Heterolamellar Bi₂Se₃/Bi₂WO₆ and Bi₂Se₃/N-Doped Bi₂WO₆ Nanosheet Composites\nas Potential Antifriction\nand Antiwear Agents

Abstract

Hydrothermally synthesized bismuth\nselenide (Bi₂Se₃) nanosheets were reinforced\nby introducing lamellar\nbismuth\ntungstate (Bi₂WO₆) to obtain a heterolamellar\nstructure anticipating higher tribological efficiency. For the furtherance\nof efficiency, the bismuth tungstate was nitrogen-doped (N-Bi₂WO₆) and was used to reinforce Bi₂Se₃ nanosheets. The propensity toward two-dimensional (2D) materials\nfor the fabrication of composites was based on the presence of weak\nvan der Waals forces between the adjacent layers, which eventually\npromotes lubricious behavior together with enhanced dispersibility.\nExamination of the hybrid nanosheets Bi₂Se₃/Bi₂WO₆ and Bi₂Se₃/N-Bi₂WO₆ by high-resolution scanning electron microscopy (HR-SEM),\ntransmission electron microscopy (TEM), and high-resolution TEM (HR-TEM)\ndemonstrated that Bi₂WO₆ and N-Bi₂WO₆ nanosheets were distributed uniformly onto Bi₂Se₃ nanosheets.
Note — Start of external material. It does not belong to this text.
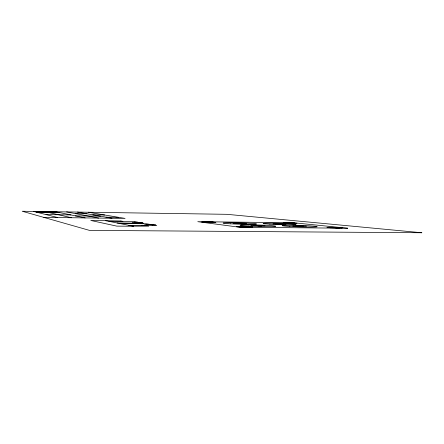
<?xml version="1.0" encoding="UTF-8"?>
<svg xmlns="http://www.w3.org/2000/svg" width="444" height="444" viewBox="0 0 444 444"><rect width="100%" height="100%" fill="white"/><g stroke="black" fill="none" stroke-linecap="round" stroke-linejoin="round"><path stroke-width="0.67" d="M54.162 211.821L42.358 212.132M55.156 212.054L53.03 212.066M54.029 211.782L54.989 211.799M46.182 211.905L45.671 211.849M46.143 211.977L45.788 211.977M120.751 221.473L122.944 221.373L120.907 220.995M44.777 212.154L46.52 212.127L45.566 212.093A11.011 0.333 1.1 0 0 44.988 212.082L44.295 212.077A12.01 0.35 1.1 0 1 43.662 212.066A11.111 0.327 1.1 0 1 42.524 212.049L40.138 212.016M44.611 212.154L44.095 212.154M45.249 211.838L45.399 211.705M43.917 212.149L42.569 212.132M117.061 222.96L143.462 223.238L134.36 221.639L108.958 221.345M119.752 223.504L146.514 223.776L156.793 225.585L128.843 225.319M150.411 224.464L146.675 224.425L152.669 224.858M144.644 224.592L155.744 224.703M250.86 225.641L265.029 225.785M292.812 226.057L306.432 226.19M238.989 226.756L250.177 226.862M329.459 227.6L339.727 227.7M133.117 226.174L148.751 226.151L141.969 225.458M54.224 212.01L55.028 212.021M53.441 211.999L56.172 212.093L55.789 211.971M54.101 212.004L53.757 212.004M105.722 220.696L120.879 220.99M203.735 222.105L213.786 222.222M285.375 223.027L294.688 223.132M137.818 222.25L134.282 222.211L139.81 222.599M132.29 222.35L142.79 222.466M233.039 223.443L246.525 223.587M272.988 223.876L285.98 224.015M47.303 211.733L48.224 211.744M53.591 212.143L50.333 211.977L52.93 211.993M38.167 211.81L36.652 211.777M45.471 211.705C45.26 212.515 31.768 211.644 39.71 212.01M92.84 214.824L104.673 214.99M46.004 214.585L70.918 214.929M75.358 215.856L100.494 216.195M106.033 217.183L118.781 217.349M43.801 217.388L125.108 218.409L88.223 212.238M45.871 211.71L47.208 211.733M48.274 211.744L49.173 211.76M52.797 212.066L51.16 212.027M36.325 212.138L59.157 212.476M42.652 212.204L41.631 212.121M75.447 213.608L86.985 213.775M41.975 212.193L38.434 212.038M41.647 212.188L35.587 211.727L36.341 211.71M51.165 212.088L49.495 211.966M45.282 211.694L43.945 211.605A10.107 0.294 1.1 0 0 44.15 211.66L44.461 211.699M45.238 211.893L44.5 211.705M287.706 222.844L292.413 223.326M331.64 227.345L337.612 227.961M276.362 223.609L282.706 224.292M296.126 225.746L303.235 226.512M236.974 223.177L242.685 223.865M254.795 225.33L261.211 226.107M206.898 221.922L210.672 222.411M242.202 226.501L247.031 227.128M55.716 211.954L55.35 211.893M77.478 212.077L111.955 218.243M66.628 211.91L98.64 218.076M55.678 211.749L85.17 217.91M47.797 212.304L71.545 217.738M33.467 211.416L57.753 217.566M254.09 225.591L261.855 225.835L254.135 225.58M330.025 227.489L339.199 227.811L330.025 227.489M249.306 226.934L239.899 226.662L249.306 226.934M243.462 223.615L236.147 223.421L243.462 223.615M303.491 226.246L295.826 226.024L303.491 226.246M296.875 223.288L283.25 222.905L296.875 223.288M294.083 223.204L286.025 222.977L294.083 223.204M215.79 222.35L201.776 222.006L208.896 221.895L215.79 222.35M212.926 222.272L204.634 222.067L212.926 222.272M283.122 224.059L275.896 223.837L283.122 224.059M421.8 232.756L89.477 230.381L22.2 211.244L226.967 214.319L421.8 232.756M133.6 226.268L116.744 226.118L90.759 220.457L105.367 220.624L133.6 226.268M347.696 228.222L239.421 227.234L197.802 221.684L293.678 222.783L347.696 228.222M230.719 223.832A16.706 0.66 1.6 0 0 256.504 224.026A16.706 0.66 1.6 0 0 232.279 222.733A16.706 0.66 1.6 0 0 230.719 223.832M269.885 224.187A16.489 0.633 1.7 0 0 295.948 224.514A16.489 0.633 1.7 0 0 272.827 223.188A16.489 0.633 1.7 0 0 269.885 224.187M240.226 226.984A7.964 0.35 1.6 0 0 252.553 227.062A7.964 0.35 1.6 0 0 241.037 226.401A7.964 0.35 1.6 0 0 240.226 226.984M248.718 226.096A17.743 0.738 1.7 0 0 275.746 226.262A17.743 0.738 1.7 0 0 249.584 224.836A17.743 0.738 1.7 0 0 248.718 226.096M330.464 227.783A7.764 0.316 1.9 0 0 342.38 227.922A7.764 0.316 1.9 0 0 331.024 227.256A7.764 0.316 1.9 0 0 330.464 227.783M289.838 226.423A17.527 0.705 1.8 0 0 317.183 226.74A17.527 0.705 1.8 0 0 292.119 225.275A17.527 0.705 1.8 0 0 289.838 226.423"/></g></svg>

The tribological attributes of\nwell-identified nanoadditives Bi₂Se₃, Bi₂WO₆, N-Bi₂WO₆, Bi₂Se₃/Bi₂WO₆, and Bi₂Se₃/N-Bi₂WO₆ were evaluated in paraffin\noil (PO) on a four-ball tester at an optimized concentration of 0.050%\nw/v operating ASTM D4172 and ASTM D5183 tests. The tribological data,\nmean wear scar diameter (MWD), friction coefficient (COF), and seizure\nload divulged that N-Bi₂WO₆ nanosheets behaved\nsignificantly better than Bi₂WO₆ nanosheets,\nwhich, in turn, surpassed the Bi₂Se₃ nanosheets.\nHowever, substantial upgradation of tribological activity was noted\nfor the hybrid Bi₂Se₃/Bi₂WO₆ due to a heterolamellar structure with reduced interlaminar shear\nstrength that effectively prevents restacking and agglomeration of\nnanosheets. For the advancement of tribological activity, the hybrid\nBi₂Se₃/N-Bi₂WO₆ was prepared,\nwhich performed more efficiently than Bi₂Se₃/Bi₂WO₆. According to energy-dispersive X-ray\n(EDX) and X-ray photoelectron spectroscopy (XPS) analyses of the worn\npathway, the generated tribo-film comprised metal oxides, Bi₂O₃, SeO₂, WO₃, and tungsten nitride,\nwhich synergetically improved the lubricity. The wear scar surface\nanalysis by atomic force microscopy (AFM) and SEM validated the observed\ntribological results.